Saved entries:

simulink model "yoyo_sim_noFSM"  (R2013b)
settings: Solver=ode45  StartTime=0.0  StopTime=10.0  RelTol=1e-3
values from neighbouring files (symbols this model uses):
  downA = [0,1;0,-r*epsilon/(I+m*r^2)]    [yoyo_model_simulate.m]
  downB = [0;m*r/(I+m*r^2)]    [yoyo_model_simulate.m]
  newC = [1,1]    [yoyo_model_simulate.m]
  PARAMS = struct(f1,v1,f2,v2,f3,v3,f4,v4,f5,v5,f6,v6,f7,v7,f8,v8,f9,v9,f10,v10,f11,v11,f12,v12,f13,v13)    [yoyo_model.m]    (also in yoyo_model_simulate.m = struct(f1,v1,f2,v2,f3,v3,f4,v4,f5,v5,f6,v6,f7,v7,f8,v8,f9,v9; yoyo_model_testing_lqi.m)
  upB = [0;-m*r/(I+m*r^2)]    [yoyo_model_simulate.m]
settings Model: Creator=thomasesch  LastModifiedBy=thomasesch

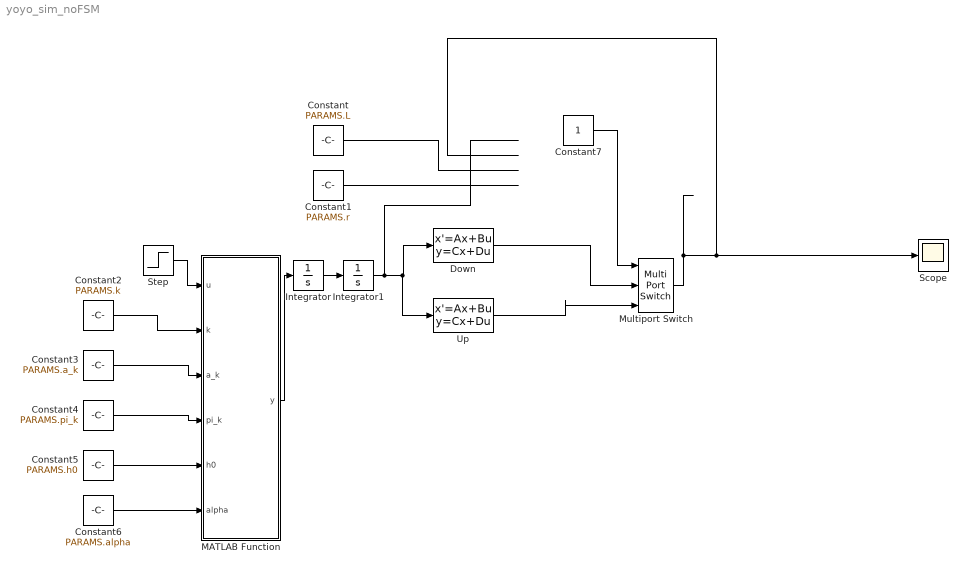
== system yoyo_sim_noFSM ==
  Constant : Constant  Value=PARAMS.L
  Constant1 : Constant  Value=PARAMS.r
  Constant2 : Constant  Value=PARAMS.k
  Constant3 : Constant  Value=PARAMS.a_k
  Constant4 : Constant  Value=PARAMS.pi_k
  Constant5 : Constant  Value=PARAMS.h0
  Constant6 : Constant  Value=PARAMS.alpha
  Constant7 : Constant
  Down : StateSpace  A=downA  B=downB  C=newC  D=0  X0=0
  Integrator : Integrator
  Integrator1 : Integrator
  MATLAB Function : MATLAB Function  TreatAsAtomicUnit=on
  Multiport Switch : MultiPortSwitch  Inputs=2
  Scope : Scope
  Step : Step  SampleTime=0
  Up : StateSpace  A=downA  B=upB  C=newC  D=0  X0=0
  wires:
  Up/1 -> Multiport Switch/3
  Down/1 -> Multiport Switch/2
  Integrator/1 -> Integrator1/1
  Integrator1/1 -> Up/1, Down/1
  Constant1/1 -> ?
  Constant/1 -> ?
  Multiport Switch/1 -> Scope/1
  MATLAB Function/1(y) -> Integrator/1
  Step/1 -> MATLAB Function/1(u)
  Constant2/1 -> MATLAB Function/2(k)
  Constant3/1 -> MATLAB Function/3(a_k)
  Constant4/1 -> MATLAB Function/4(pi_k)
  Constant5/1 -> MATLAB Function/5(h0)
  Constant6/1 -> MATLAB Function/6(alpha)
  Constant7/1 -> Multiport Switch/1

== matlab function yoyo_sim_noFSM/MATLAB Function ==
  data: u input; y output; k input; a_k input; pi_k input; h0 input; alpha input
function y = fcn(u,k,a_k,pi_k,h0,alpha)
%#codegen


hot = 0;
for k = 1:k
    hot = hot + a_k(k)*sin(pi_k(k)*u);
end
hot = h0 + alpha*hot;


y = hot;
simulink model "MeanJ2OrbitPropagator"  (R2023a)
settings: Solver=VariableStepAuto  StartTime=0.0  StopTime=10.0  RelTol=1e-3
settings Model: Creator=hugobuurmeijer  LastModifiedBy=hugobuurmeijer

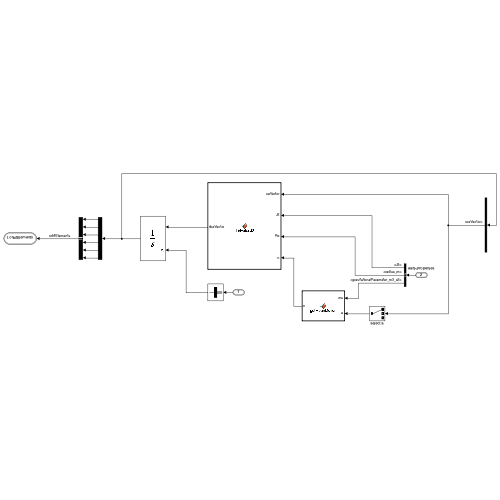
[thumbnail: Simulink's stored preview of the top-level diagram]
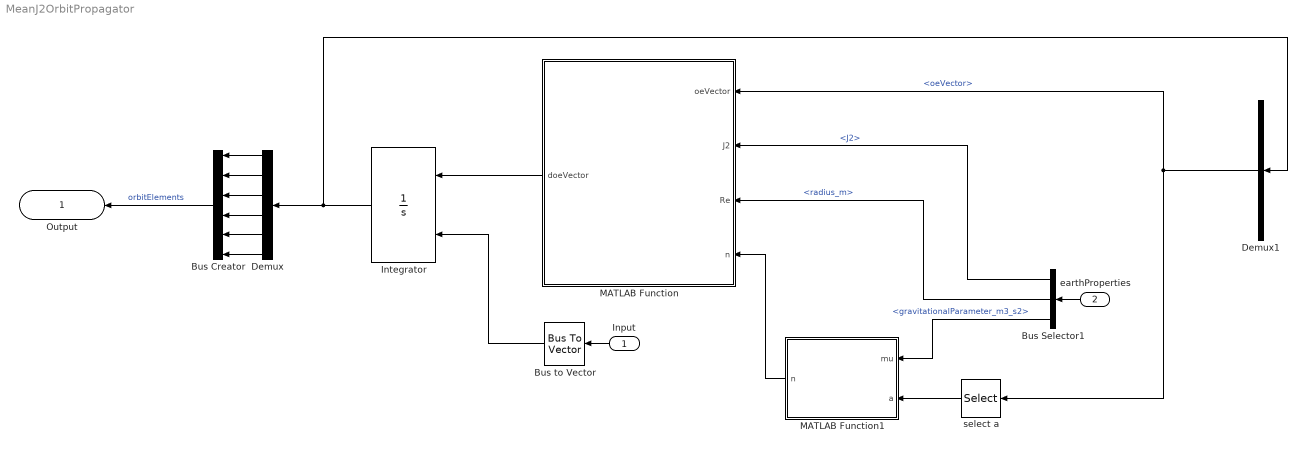
== system MeanJ2OrbitPropagator ==
  Input : Inport  OutDataTypeStr=Bus: orbitElements
  earthProperties : Inport  Port=2  OutDataTypeStr=Bus: earthProperties
  Bus Creator : BusCreator  Inputs=6  OutDataTypeStr=Bus: orbitElements  NonVirtualBus=on
      settings: InheritFromInputs=off
  Bus Selector1 : BusSelector  OutputSignals=J2,radius_m,gravitationalParameter_m3_s2
  Bus to Vector : BusToVector
  Demux : Demux  Outputs=6
  Demux1 : Demux  Outputs=1
  Integrator : Integrator  InitialConditionSource=external
  MATLAB Function : MATLAB Function  TreatAsAtomicUnit=on
  MATLAB Function1 : MATLAB Function  TreatAsAtomicUnit=on
  select a : Selector  InputPortWidth=3  IndexOptions=Index vector (dialog)  Indices=[1]  OutputSizes=1
  Output : Outport  OutDataTypeStr=Bus: orbitElements  BusOutputAsStruct=on
  wires:
  Bus Creator/1 -> Output/1  "orbitElements"
  Demux/6 -> Bus Creator/6
  Demux/2 -> Bus Creator/2
  Demux/3 -> Bus Creator/3
  Bus to Vector/1 -> Integrator/2
  Input/1 -> Bus to Vector/1
  Demux/1 -> Bus Creator/1
  Demux/4 -> Bus Creator/4
  Demux/5 -> Bus Creator/5
  earthProperties/1 -> Bus Selector1/1
  Bus Selector1/1 -> MATLAB Function/2(J2)  "<J2>"
  Bus Selector1/2 -> MATLAB Function/3(Re)  "<radius_m>"
  Bus Selector1/3 -> MATLAB Function1/1(mu)  "<gravitationalParameter_m3_s2>"
  MATLAB Function1/1(n) -> MATLAB Function/4(n)
  Demux1/1 -> MATLAB Function/1(oeVector), select a/1  "<oeVector>"
  select a/1 -> MATLAB Function1/2(a)
  MATLAB Function/1(doeVector) -> Integrator/1
  Integrator/1 -> Demux1/1, Demux/1

== matlab function MeanJ2OrbitPropagator/MATLAB Function1 ==
  data: mu input; a input; n output
function n = getMeanMotion(mu, a)

n = meanMotion(mu, a);

end

== matlab function MeanJ2OrbitPropagator/MATLAB Function ==
  data: oeVector input; J2 input; Re input; n input; doeVector output
function doeVector  = derivatesJ2(oeVector, J2, Re, n)

doeVector = meanDerivatesJ2(oeVector, J2, Re, n);

end
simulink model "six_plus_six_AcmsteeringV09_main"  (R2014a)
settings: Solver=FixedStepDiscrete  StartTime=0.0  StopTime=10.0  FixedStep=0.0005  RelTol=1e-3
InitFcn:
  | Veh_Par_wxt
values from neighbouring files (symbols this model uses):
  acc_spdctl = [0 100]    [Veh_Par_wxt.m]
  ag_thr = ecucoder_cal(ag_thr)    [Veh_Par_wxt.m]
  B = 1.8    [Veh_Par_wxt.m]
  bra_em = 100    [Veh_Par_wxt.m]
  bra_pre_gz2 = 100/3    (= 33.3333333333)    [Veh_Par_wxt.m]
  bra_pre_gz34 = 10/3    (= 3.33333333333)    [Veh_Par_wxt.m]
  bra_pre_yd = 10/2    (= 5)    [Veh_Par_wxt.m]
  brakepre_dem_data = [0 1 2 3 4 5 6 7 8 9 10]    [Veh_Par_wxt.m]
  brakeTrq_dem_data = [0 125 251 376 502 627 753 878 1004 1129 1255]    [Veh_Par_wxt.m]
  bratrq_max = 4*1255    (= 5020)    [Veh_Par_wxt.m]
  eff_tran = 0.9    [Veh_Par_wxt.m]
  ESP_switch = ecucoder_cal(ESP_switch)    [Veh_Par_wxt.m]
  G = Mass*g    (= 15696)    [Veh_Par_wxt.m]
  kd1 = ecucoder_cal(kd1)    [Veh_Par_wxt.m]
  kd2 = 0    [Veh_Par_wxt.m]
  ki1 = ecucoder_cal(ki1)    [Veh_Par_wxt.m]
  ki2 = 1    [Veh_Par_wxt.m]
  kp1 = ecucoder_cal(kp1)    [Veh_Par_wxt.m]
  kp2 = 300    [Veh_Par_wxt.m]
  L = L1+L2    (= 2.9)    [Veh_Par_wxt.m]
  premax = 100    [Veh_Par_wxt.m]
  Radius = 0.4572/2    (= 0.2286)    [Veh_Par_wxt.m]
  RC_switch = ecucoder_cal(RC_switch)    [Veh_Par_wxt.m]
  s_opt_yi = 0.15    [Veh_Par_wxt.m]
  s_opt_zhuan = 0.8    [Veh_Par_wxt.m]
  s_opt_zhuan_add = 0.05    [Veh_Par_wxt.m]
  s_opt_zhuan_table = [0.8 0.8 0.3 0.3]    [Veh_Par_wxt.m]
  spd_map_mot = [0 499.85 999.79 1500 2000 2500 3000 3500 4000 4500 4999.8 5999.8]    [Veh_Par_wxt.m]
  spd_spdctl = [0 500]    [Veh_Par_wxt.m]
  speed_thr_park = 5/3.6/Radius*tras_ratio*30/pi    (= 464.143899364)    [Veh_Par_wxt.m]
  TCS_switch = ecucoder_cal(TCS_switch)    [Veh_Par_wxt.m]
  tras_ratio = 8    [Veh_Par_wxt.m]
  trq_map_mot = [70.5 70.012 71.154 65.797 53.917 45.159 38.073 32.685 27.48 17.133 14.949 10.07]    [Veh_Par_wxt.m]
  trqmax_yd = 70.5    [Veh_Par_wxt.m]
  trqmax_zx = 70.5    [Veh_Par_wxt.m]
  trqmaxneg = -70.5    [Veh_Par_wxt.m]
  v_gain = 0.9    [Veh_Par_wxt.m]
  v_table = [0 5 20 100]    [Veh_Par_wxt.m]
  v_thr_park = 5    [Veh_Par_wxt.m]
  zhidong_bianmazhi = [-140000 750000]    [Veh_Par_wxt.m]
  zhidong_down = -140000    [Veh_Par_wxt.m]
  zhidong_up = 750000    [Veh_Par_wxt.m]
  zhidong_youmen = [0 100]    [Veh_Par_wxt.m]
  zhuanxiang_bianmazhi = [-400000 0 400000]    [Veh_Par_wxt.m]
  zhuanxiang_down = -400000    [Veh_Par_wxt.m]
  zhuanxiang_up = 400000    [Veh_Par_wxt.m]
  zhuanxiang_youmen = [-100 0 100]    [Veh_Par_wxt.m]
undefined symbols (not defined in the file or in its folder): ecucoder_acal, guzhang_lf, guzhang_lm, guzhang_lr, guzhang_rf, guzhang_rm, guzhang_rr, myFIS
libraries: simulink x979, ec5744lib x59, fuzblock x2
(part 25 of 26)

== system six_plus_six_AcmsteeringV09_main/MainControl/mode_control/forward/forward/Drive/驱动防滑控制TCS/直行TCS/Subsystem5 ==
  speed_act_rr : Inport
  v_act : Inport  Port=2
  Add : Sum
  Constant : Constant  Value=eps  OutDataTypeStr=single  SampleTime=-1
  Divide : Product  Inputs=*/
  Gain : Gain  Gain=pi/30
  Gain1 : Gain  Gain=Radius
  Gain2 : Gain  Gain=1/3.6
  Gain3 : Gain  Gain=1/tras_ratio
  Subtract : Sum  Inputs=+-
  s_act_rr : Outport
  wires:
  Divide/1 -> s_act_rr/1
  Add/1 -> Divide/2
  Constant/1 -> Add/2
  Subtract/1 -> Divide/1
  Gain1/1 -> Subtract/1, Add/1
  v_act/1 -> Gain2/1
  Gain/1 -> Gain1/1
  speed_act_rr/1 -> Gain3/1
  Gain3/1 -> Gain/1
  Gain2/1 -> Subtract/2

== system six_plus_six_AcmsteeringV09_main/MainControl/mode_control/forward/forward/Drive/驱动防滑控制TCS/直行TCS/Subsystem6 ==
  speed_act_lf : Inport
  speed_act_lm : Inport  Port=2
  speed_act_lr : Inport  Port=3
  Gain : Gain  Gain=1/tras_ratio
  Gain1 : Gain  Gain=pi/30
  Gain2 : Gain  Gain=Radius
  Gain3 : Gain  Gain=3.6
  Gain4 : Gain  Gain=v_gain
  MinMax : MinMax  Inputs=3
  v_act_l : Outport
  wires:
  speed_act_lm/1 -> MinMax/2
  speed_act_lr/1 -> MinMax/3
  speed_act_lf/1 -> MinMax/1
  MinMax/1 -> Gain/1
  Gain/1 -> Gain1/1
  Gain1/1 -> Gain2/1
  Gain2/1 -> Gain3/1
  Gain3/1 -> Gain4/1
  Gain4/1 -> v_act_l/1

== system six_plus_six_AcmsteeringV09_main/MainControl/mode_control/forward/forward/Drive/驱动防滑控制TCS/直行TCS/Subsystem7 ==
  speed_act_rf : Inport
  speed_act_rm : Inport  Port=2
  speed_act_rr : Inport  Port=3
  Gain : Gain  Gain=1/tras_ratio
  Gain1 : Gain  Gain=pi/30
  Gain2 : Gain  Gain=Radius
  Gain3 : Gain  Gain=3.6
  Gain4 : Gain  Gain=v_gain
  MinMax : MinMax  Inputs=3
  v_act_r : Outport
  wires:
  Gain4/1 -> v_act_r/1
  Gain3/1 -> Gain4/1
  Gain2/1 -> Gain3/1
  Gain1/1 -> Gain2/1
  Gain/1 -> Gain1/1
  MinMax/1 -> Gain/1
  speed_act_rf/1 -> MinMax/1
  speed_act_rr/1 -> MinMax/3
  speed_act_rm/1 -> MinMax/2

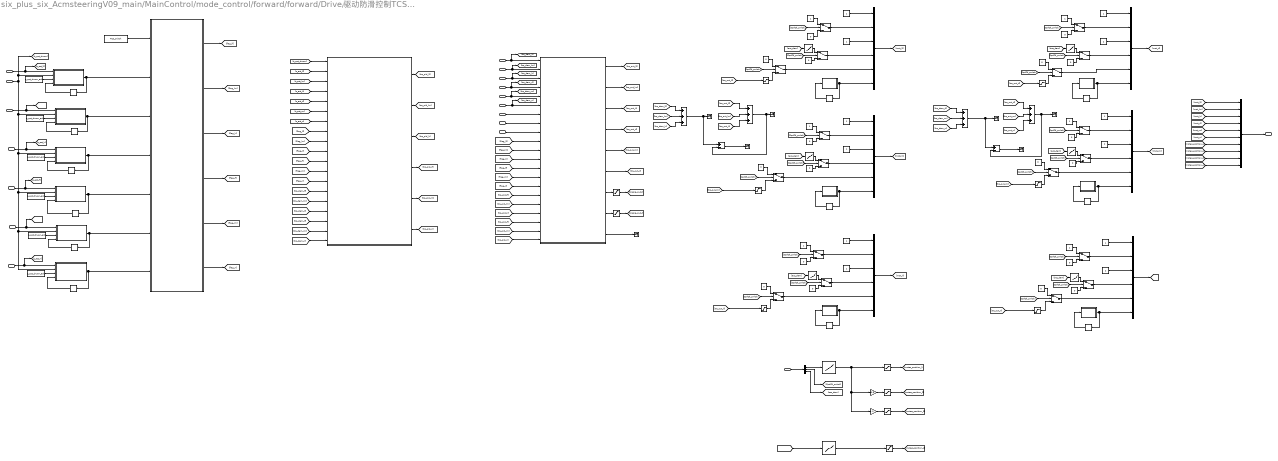
== system six_plus_six_AcmsteeringV09_main/MainControl/mode_control/forward/forward/Drive/驱动防滑控制TCS/直行TCS/直行 ==
  trq_dem_lf : Inport
  trq_dem_lm : Inport  Port=2
  trq_dem_lr : Inport  Port=3
  trq_dem_rf : Inport  Port=4
  trq_dem_rm : Inport  Port=5
  trq_dem_rr : Inport  Port=6
  bra_pre_l : Inport  Port=7
  bra_pre_r : Inport  Port=8
  s_act_lf : Inport  Port=9
  s_act_lm : Inport  Port=10
  s_act_lr : Inport  Port=11
  s_act_rf : Inport  Port=12
  s_act_rm : Inport  Port=13
  s_act_rr : Inport  Port=14
  brake_dem : Inport  Port=15
  s_opt_zhuan : Inport  Port=16
  Signals : Inport  Port=17
  1-D Lookup Table : Lookup_n-D  NumberOfTableDimensions=1  BreakpointsForDimension1=zhuanxiang_youmen  Table=zhuanxiang_bianmazhi  InternalRulePriority=Speed  RndMeth=Simplest  InputSameDT=on
  1-D Lookup Table1 : Lookup_n-D  NumberOfTableDimensions=1  BreakpointsForDimension1=zhidong_youmen  Table=zhidong_bianmazhi  InternalRulePriority=Speed  RndMeth=Simplest  InputSameDT=on
  1-D Lookup Table{2..7} (6 alike) : Lookup_n-D  NumberOfTableDimensions=1  BreakpointsForDimension1=acc_spdctl  Table=spd_spdctl  InternalRulePriority=Speed  RndMeth=Simplest  InputSameDT=on
  Add{,1..3} (4 alike) : Sum  Inputs=+++
  Bus Selector : BusSelector  OutputSignals=RemoteControl_dem.steer_dem,RemoteControl_dem.SpdCtl_switch,RemoteControl_dem.acc_dem
  Constant{,1,3..6} (6 alike) : Constant  Value=0  OutDataTypeStr=single  SampleTime=-1
  Constant{7..10,12..13} (6 alike) : Constant  Value=s_opt_zhuan_add  OutDataTypeStr=single  SampleTime=-1
  Constant11 : Constant  Value=TCS_switch  OutDataTypeStr=single  SampleTime=-1
  Gain : Gain  Gain=0.5
  Gain1 : Gain  Gain=-1
  HeartBeat : MATLAB Function  TreatAsAtomicUnit=on
  HeartBeat1 : MATLAB Function  TreatAsAtomicUnit=on
  HeartBeat2 : MATLAB Function  TreatAsAtomicUnit=on
  HeartBeat3 : MATLAB Function  TreatAsAtomicUnit=on
  HeartBeat4 : MATLAB Function  TreatAsAtomicUnit=on
  HeartBeat5 : MATLAB Function  TreatAsAtomicUnit=on
  MATLAB Function : MATLAB Function  TreatAsAtomicUnit=on
  MATLAB Function1 : MATLAB Function  TreatAsAtomicUnit=on
  MATLAB Function2 : MATLAB Function  TreatAsAtomicUnit=on
  MATLAB Function3 : MATLAB Function  TreatAsAtomicUnit=on
  MATLAB Function4 : MATLAB Function  TreatAsAtomicUnit=on
  MATLAB Function5 : MATLAB Function  TreatAsAtomicUnit=on
  MATLAB Function6 : MATLAB Function  TreatAsAtomicUnit=on
  MATLAB Function7 : MATLAB Function  TreatAsAtomicUnit=on
  Memory{,1..11} (12 alike) : Memory  InheritSampleTime=on
  Mux : Mux  Inputs=10
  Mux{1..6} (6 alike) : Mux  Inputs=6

== TASK PROMPT ==
Only those lines of the entries above that run from the line containing "zhuanxiang_bianmazhi = [-400000" to the line containing "Divide : Product", both included, should be transcribed exactly.

== EXPECTED ANSWER ==
  zhuanxiang_bianmazhi = [-400000 0 400000]    [Veh_Par_wxt.m]
  zhuanxiang_down = -400000    [Veh_Par_wxt.m]
  zhuanxiang_up = 400000    [Veh_Par_wxt.m]
  zhuanxiang_youmen = [-100 0 100]    [Veh_Par_wxt.m]
undefined symbols (not defined in the file or in its folder): ecucoder_acal, guzhang_lf, guzhang_lm, guzhang_lr, guzhang_rf, guzhang_rm, guzhang_rr, myFIS
libraries: simulink x979, ec5744lib x59, fuzblock x2
(part 25 of 26)

== system six_plus_six_AcmsteeringV09_main/MainControl/mode_control/forward/forward/Drive/驱动防滑控制TCS/直行TCS/Subsystem5 ==
  speed_act_rr : Inport
  v_act : Inport  Port=2
  Add : Sum
  Constant : Constant  Value=eps  OutDataTypeStr=single  SampleTime=-1
  Divide : Product  Inputs=*/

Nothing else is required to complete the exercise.